:: REQUIRED ACTION ::
Look through the records below for the line holding "#55=ADVANCED_FACE('F77',(#51,#54),#40,.T.);". Write it out exactly, with each following line through the line holding "#62=DIRECTION('',(-1.,0.,0.));".

RECORDS FOR THE EXERCISE below:

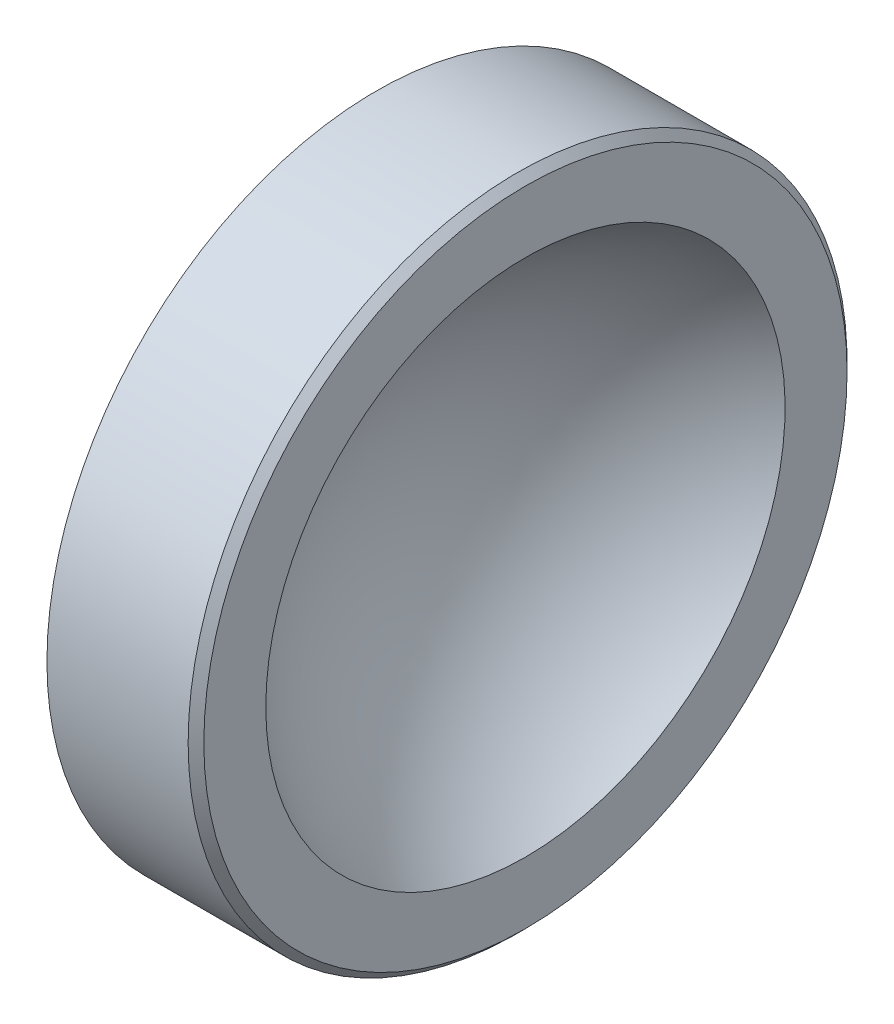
ISO-10303-21;
HEADER;
FILE_DESCRIPTION(('STEP AP214'),'2;1');
FILE_NAME('part.step','',(''),(''),'','','');
FILE_SCHEMA(('AUTOMOTIVE_DESIGN { 1 0 10303 214 1 1 1 1 }'));
ENDSEC;
DATA;
#1=APPLICATION_CONTEXT('core data for automotive mechanical design processes');
#2=APPLICATION_PROTOCOL_DEFINITION('international standard','automotive_design',2000,#1);
#3=PRODUCT_CONTEXT('',#1,'mechanical');
#4=PRODUCT('Part','Part','',(#3));
#5=PRODUCT_RELATED_PRODUCT_CATEGORY('part','',(#4));
#6=PRODUCT_DEFINITION_FORMATION('','',#4);
#7=PRODUCT_DEFINITION_CONTEXT('part definition',#1,'design');
#8=PRODUCT_DEFINITION('design','',#6,#7);
#9=PRODUCT_DEFINITION_SHAPE('','',#8);
#10=(LENGTH_UNIT() NAMED_UNIT(*) SI_UNIT(.MILLI.,.METRE.));
#11=(NAMED_UNIT(*) PLANE_ANGLE_UNIT() SI_UNIT($,.RADIAN.));
#12=(NAMED_UNIT(*) SI_UNIT($,.STERADIAN.) SOLID_ANGLE_UNIT());
#13=UNCERTAINTY_MEASURE_WITH_UNIT(LENGTH_MEASURE(1.E-05),#10,'distance_accuracy_value','');
#14=(GEOMETRIC_REPRESENTATION_CONTEXT(3) GLOBAL_UNCERTAINTY_ASSIGNED_CONTEXT((#13)) GLOBAL_UNIT_ASSIGNED_CONTEXT((#10,
#11,#12)) REPRESENTATION_CONTEXT('',''));
#15=CARTESIAN_POINT('',(0.,0.,0.));
#16=DIRECTION('',(0.,0.,1.));
#17=DIRECTION('',(1.,0.,0.));
#18=AXIS2_PLACEMENT_3D('',#15,#16,#17);
#19=CARTESIAN_POINT('',(110.000000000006,0.,0.));
#20=DIRECTION('',(-1.,0.,0.));
#21=DIRECTION('',(0.,-1.,0.));
#22=AXIS2_PLACEMENT_3D('',#19,#20,#21);
#23=SPHERICAL_SURFACE('',#22,110.500000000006);
#24=CARTESIAN_POINT('',(0.,0.,0.));
#25=DIRECTION('',(-1.,0.,0.));
#26=DIRECTION('',(0.,0.,1.));
#27=AXIS2_PLACEMENT_3D('',#24,#25,#26);
#28=CIRCLE('',#27,10.5);
#29=CARTESIAN_POINT('',(0.,0.,10.5));
#30=VERTEX_POINT('',#29);
#31=EDGE_CURVE('E54',#30,#30,#28,.T.);
#32=ORIENTED_EDGE('',*,*,#31,.T.);
#33=EDGE_LOOP('',(#32));
#34=FACE_BOUND('',#33,.T.);
#35=ADVANCED_FACE('F40',(#34),#23,.T.);
#36=CARTESIAN_POINT('',(-2.58927786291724,0.,0.));
#37=DIRECTION('',(-1.,0.,0.));
#38=DIRECTION('',(0.,0.,1.));
#39=AXIS2_PLACEMENT_3D('',#36,#37,#38);
#40=CYLINDRICAL_SURFACE('',#39,10.5);
#41=CARTESIAN_POINT('',(4.5,0.,0.));
#42=DIRECTION('',(-1.,0.,0.));
#43=DIRECTION('',(0.,0.,1.));
#44=AXIS2_PLACEMENT_3D('',#41,#42,#43);
#45=CIRCLE('',#44,10.5);
#46=CARTESIAN_POINT('',(4.5,0.,10.5));
#47=VERTEX_POINT('',#46);
#48=EDGE_CURVE('E49',#47,#47,#45,.T.);
#49=ORIENTED_EDGE('',*,*,#48,.T.);
#50=EDGE_LOOP('',(#49));
#51=FACE_BOUND('',#50,.T.);
#52=ORIENTED_EDGE('',*,*,#31,.F.);
#53=EDGE_LOOP('',(#52));
#54=FACE_BOUND('',#53,.T.);
#55=ADVANCED_FACE('F77',(#51,#54),#40,.T.);
#56=CARTESIAN_POINT('',(4.75,0.,0.));
#57=DIRECTION('',(-1.,0.,0.));
#58=DIRECTION('',(0.,0.,1.));
#59=AXIS2_PLACEMENT_3D('',#56,#57,#58);
#60=PLANE('',#59);
#61=CARTESIAN_POINT('',(4.75,0.,0.));
#62=DIRECTION('',(-1.,0.,0.));
#63=DIRECTION('',(0.,0.,1.));
#64=AXIS2_PLACEMENT_3D('',#61,#62,#63);
#65=CIRCLE('',#64,10.25);
#66=CARTESIAN_POINT('',(4.75,0.,10.25));
#67=VERTEX_POINT('',#66);
#68=EDGE_CURVE('E10',#67,#67,#65,.F.);
#69=ORIENTED_EDGE('',*,*,#68,.T.);
#70=EDGE_LOOP('',(#69));
#71=FACE_BOUND('',#70,.T.);
#72=CARTESIAN_POINT('',(4.75,0.,0.));
#73=DIRECTION('',(-1.,0.,0.));
#74=DIRECTION('',(0.,0.,1.));
#75=AXIS2_PLACEMENT_3D('',#72,#73,#74);
#76=CIRCLE('',#75,8.275);
#77=CARTESIAN_POINT('',(4.75,0.,8.275));
#78=VERTEX_POINT('',#77);
#79=EDGE_CURVE('E59',#78,#78,#76,.T.);
#80=ORIENTED_EDGE('',*,*,#79,.T.);
#81=EDGE_LOOP('',(#80));
#82=FACE_BOUND('',#81,.T.);
#83=ADVANCED_FACE('F66',(#71,#82),#60,.F.);
#84=CARTESIAN_POINT('',(9.89298569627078,0.,0.));
#85=DIRECTION('',(-1.,0.,0.));
#86=DIRECTION('',(0.,-1.,0.));
#87=AXIS2_PLACEMENT_3D('',#84,#85,#86);
#88=SPHERICAL_SURFACE('',#87,9.74299373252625);
#89=ORIENTED_EDGE('',*,*,#79,.F.);
#90=EDGE_LOOP('',(#89));
#91=FACE_BOUND('',#90,.T.);
#92=ADVANCED_FACE('F68',(#91),#88,.F.);
#93=CARTESIAN_POINT('',(4.5,0.,0.));
#94=DIRECTION('',(-1.,0.,0.));
#95=DIRECTION('',(0.,0.,1.));
#96=AXIS2_PLACEMENT_3D('',#93,#94,#95);
#97=CONICAL_SURFACE('',#96,10.5,0.785398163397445);
#98=ORIENTED_EDGE('',*,*,#68,.F.);
#99=EDGE_LOOP('',(#98));
#100=FACE_BOUND('',#99,.T.);
#101=ORIENTED_EDGE('',*,*,#48,.F.);
#102=EDGE_LOOP('',(#101));
#103=FACE_BOUND('',#102,.T.);
#104=ADVANCED_FACE('F43',(#100,#103),#97,.T.);
#105=CLOSED_SHELL('',(#35,#55,#83,#92,#104));
#106=MANIFOLD_SOLID_BREP('B2',#105);
#107=ADVANCED_BREP_SHAPE_REPRESENTATION('',(#18,#106),#14);
#108=SHAPE_DEFINITION_REPRESENTATION(#9,#107);
ENDSEC;
END-ISO-10303-21;

End of RECORDS FOR THE EXERCISE.

:: ANSWER AREA ::
#55=ADVANCED_FACE('F77',(#51,#54),#40,.T.);
#56=CARTESIAN_POINT('',(4.75,0.,0.));
#57=DIRECTION('',(-1.,0.,0.));
#58=DIRECTION('',(0.,0.,1.));
#59=AXIS2_PLACEMENT_3D('',#56,#57,#58);
#60=PLANE('',#59);
#61=CARTESIAN_POINT('',(4.75,0.,0.));
#62=DIRECTION('',(-1.,0.,0.));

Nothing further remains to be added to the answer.